# Impromptu writing, How?



## caters

So I am trying to compose an impromptu. I know that it is a piece where it supposed to sound improvisatory in nature. I have the first 10 measures down and honestly, only the last 2 sound like they were improvised. Scalar sixteenth notes going across the entire scale(and almost the entire bass clef range as well) over a single C minor chord.

The ones before it sound very formulaic, like a sonata theme almost. Of course, this is only the introduction and I will have a transition where the music slowly accelerates from the slow Allegro it is at right now to a Presto tempo and then have the A section be at Presto.

This is what the first 10 measures sound like:

View attachment Impromptu_no._1_in_C_minor.mp3


That almost formulaic sound of most of the measures kind of goes against what an impromptu really is. But I assume this is okay for an introduction and that as long as I have that Presto section sound improvisatory in nature, there is nothing wrong with me calling it an impromptu, even with the formulaic sounding introduction.

I chose the key of C minor because this is the key in which I find improvising to be the easiest. I also can easily do something like bVII -> I and it sounds to me, just as good as Vm7 -> I. V7 in C minor to me gives too much of an expectation that the next chord will be C major. Of course, if I wanted to modulate to C major, I would likely use this dominant 7th chord.

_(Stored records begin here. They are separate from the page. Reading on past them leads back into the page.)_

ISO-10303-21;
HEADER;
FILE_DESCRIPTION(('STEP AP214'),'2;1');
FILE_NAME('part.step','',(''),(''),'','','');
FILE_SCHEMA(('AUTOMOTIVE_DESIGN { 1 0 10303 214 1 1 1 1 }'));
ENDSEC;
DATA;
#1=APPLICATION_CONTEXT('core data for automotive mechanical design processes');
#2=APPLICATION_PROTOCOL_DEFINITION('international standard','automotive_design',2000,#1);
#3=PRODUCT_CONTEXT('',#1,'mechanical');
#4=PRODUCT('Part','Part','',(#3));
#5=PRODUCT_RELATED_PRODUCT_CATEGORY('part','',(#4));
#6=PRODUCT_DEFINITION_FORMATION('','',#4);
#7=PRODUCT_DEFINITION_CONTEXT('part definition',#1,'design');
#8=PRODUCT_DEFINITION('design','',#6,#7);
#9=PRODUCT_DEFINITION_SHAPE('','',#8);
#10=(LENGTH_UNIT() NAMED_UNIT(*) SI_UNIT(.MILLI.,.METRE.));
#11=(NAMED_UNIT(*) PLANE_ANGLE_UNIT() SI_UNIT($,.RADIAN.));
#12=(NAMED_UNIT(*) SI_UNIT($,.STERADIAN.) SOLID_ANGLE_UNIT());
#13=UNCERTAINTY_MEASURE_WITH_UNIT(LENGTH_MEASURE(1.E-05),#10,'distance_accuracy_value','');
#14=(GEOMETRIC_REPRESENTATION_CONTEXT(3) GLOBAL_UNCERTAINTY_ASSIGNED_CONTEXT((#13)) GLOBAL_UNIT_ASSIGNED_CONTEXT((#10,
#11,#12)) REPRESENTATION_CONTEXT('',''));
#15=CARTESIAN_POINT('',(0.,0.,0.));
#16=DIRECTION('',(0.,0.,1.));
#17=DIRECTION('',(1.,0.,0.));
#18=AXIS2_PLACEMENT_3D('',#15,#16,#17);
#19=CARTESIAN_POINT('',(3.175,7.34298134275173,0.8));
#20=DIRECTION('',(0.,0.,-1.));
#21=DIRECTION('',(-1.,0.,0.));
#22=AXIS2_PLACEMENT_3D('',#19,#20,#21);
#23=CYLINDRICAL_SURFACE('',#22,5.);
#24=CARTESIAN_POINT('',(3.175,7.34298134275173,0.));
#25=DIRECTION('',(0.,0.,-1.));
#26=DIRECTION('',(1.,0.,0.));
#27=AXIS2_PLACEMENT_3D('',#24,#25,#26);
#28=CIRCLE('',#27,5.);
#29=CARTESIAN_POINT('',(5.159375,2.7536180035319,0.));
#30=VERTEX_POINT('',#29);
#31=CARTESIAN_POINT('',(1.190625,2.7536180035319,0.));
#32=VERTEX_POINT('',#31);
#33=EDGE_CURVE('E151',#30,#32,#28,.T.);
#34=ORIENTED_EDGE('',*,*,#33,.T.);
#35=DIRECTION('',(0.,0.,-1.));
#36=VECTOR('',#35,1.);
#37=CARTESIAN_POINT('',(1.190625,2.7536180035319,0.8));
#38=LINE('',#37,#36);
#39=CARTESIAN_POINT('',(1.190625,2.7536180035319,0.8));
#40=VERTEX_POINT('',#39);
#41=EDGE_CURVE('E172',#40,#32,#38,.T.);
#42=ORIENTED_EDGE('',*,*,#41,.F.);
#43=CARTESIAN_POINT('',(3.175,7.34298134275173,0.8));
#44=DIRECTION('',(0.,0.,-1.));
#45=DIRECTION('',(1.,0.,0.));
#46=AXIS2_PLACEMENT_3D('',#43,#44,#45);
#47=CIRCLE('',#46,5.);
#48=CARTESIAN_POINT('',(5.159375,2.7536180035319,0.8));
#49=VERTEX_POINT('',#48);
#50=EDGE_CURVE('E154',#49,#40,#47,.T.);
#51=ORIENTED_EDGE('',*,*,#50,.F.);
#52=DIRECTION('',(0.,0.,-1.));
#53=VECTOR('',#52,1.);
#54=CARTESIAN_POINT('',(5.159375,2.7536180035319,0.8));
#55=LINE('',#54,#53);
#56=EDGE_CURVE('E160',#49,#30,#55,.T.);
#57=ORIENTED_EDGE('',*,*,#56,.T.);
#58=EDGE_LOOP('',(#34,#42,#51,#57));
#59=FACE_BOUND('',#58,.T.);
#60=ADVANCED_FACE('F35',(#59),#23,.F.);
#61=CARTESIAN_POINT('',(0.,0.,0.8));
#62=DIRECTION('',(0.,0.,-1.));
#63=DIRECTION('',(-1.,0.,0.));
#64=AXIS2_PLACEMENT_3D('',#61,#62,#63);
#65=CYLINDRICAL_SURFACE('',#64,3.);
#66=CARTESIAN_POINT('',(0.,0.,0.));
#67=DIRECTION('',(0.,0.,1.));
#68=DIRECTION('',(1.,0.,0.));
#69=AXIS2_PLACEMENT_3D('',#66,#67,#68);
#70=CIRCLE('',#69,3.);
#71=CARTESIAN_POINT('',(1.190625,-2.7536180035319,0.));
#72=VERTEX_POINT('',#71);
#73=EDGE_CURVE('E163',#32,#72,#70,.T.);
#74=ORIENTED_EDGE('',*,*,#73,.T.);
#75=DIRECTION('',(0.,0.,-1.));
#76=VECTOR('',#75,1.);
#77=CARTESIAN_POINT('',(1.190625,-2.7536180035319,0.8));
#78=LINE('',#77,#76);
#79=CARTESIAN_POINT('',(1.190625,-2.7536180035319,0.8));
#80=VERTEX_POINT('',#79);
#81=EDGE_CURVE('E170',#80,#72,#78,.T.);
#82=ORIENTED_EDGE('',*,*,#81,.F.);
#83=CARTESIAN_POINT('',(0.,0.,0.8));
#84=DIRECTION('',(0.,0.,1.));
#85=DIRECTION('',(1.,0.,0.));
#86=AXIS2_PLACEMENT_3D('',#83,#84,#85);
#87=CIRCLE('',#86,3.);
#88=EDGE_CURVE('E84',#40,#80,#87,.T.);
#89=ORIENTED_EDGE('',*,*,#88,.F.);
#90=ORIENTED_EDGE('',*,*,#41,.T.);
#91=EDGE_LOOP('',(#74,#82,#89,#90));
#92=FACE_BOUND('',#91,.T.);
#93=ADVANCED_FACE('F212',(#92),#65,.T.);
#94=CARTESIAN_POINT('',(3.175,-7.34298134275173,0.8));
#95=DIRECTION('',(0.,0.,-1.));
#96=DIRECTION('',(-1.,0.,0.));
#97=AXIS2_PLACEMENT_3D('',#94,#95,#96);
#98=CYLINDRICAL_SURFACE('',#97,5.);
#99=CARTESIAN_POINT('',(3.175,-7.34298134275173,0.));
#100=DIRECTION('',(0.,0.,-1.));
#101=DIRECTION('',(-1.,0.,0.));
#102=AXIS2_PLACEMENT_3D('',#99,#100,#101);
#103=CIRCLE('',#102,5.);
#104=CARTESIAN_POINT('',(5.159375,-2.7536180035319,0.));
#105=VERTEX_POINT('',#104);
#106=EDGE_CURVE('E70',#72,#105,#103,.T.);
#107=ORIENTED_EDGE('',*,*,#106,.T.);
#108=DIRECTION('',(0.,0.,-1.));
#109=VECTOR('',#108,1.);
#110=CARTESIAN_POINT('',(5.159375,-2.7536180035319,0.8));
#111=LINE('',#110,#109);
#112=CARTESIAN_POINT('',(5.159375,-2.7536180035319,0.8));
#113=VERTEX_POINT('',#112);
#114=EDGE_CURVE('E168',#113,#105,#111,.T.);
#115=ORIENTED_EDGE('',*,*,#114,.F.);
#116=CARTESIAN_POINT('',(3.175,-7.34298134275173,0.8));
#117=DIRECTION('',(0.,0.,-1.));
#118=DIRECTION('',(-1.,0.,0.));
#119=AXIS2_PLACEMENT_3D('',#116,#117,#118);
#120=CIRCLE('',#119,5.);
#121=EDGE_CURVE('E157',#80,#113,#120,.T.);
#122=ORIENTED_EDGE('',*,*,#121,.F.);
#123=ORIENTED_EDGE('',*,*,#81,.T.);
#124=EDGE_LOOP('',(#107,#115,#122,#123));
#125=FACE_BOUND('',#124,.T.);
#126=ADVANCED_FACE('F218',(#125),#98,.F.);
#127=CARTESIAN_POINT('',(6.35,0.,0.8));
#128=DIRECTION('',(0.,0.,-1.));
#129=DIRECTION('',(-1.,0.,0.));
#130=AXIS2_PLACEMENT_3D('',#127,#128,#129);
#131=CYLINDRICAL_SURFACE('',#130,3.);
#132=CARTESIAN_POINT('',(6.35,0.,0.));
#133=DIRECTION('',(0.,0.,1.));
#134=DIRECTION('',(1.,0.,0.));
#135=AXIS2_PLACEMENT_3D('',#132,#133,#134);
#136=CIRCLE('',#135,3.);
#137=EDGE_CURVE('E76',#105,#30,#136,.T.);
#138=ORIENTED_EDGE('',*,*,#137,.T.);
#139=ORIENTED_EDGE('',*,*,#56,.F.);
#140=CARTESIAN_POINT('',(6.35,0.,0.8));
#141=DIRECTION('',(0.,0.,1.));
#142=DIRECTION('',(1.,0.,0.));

But is there anything that would help in writing an impromptu besides improvising?


----------



## tdc

I think it is the kind of piece one should only compose when they have a certain mastery over improvisation. If you are not far into it and concerned about the technical construction of it, I would consider turning it into something else like a sonatina. Move onto an impromptu when you can get all or the majority of a piece down in an improvisation, making only small alterations or finishing touches at the end.


----------



## Vasks

I'd take what tdc said even further and say that your nature (from my POV) is to be analytical and trying to always follow or set rules for your composing. That's probably what makes Impromptu writing foreign to you.

However, my advice for composing a fantasy or impromptu (they're really the same) is to consider not the word "improvise" but rather "intuitive". Intuitive composing allows you to not worry about form, traditional harmony and the like. It's letting your imagination take you to where ever you sense it needs to go.


----------



## Tikoo Tuba

Cut and paste is an elementary form - bit of this and that . Eventually that will seems too stupid , or , maybe clever and funny .


----------



## Larkenfield

Well, how about listening to the Impromptus of Frederick Chopin and Franz Schubert as models? They knew a thing or two.


----------



## John Kiunke

My advice for writing any kind of piece is to study the scores of your favorite pieces in the genre. I like to read the music with the recording at least 3 times for each piece, and if it's my own edition, often circle the main motifs and see how the composer treats them. If I'm reading from a score online or from a library then I do my best to pay attention and find the motifs as I go, as well as look for how the composer gets from key to key, what chords they use.


----------



## Schoenberg

Improvise, then right down what you played with modifications. Although Schubert and others of the past didn't have recording devices, I would personally use on when writing an impromptu.


----------



## Aloevera

What tdc says. The point isn't for it to sound like an improv but for it to be written as an improv and as an opportunity to less loose a little and not worry too much about rigid structure and counterpoint. If you're thinking too hard about it you might as well call it a sonata


----------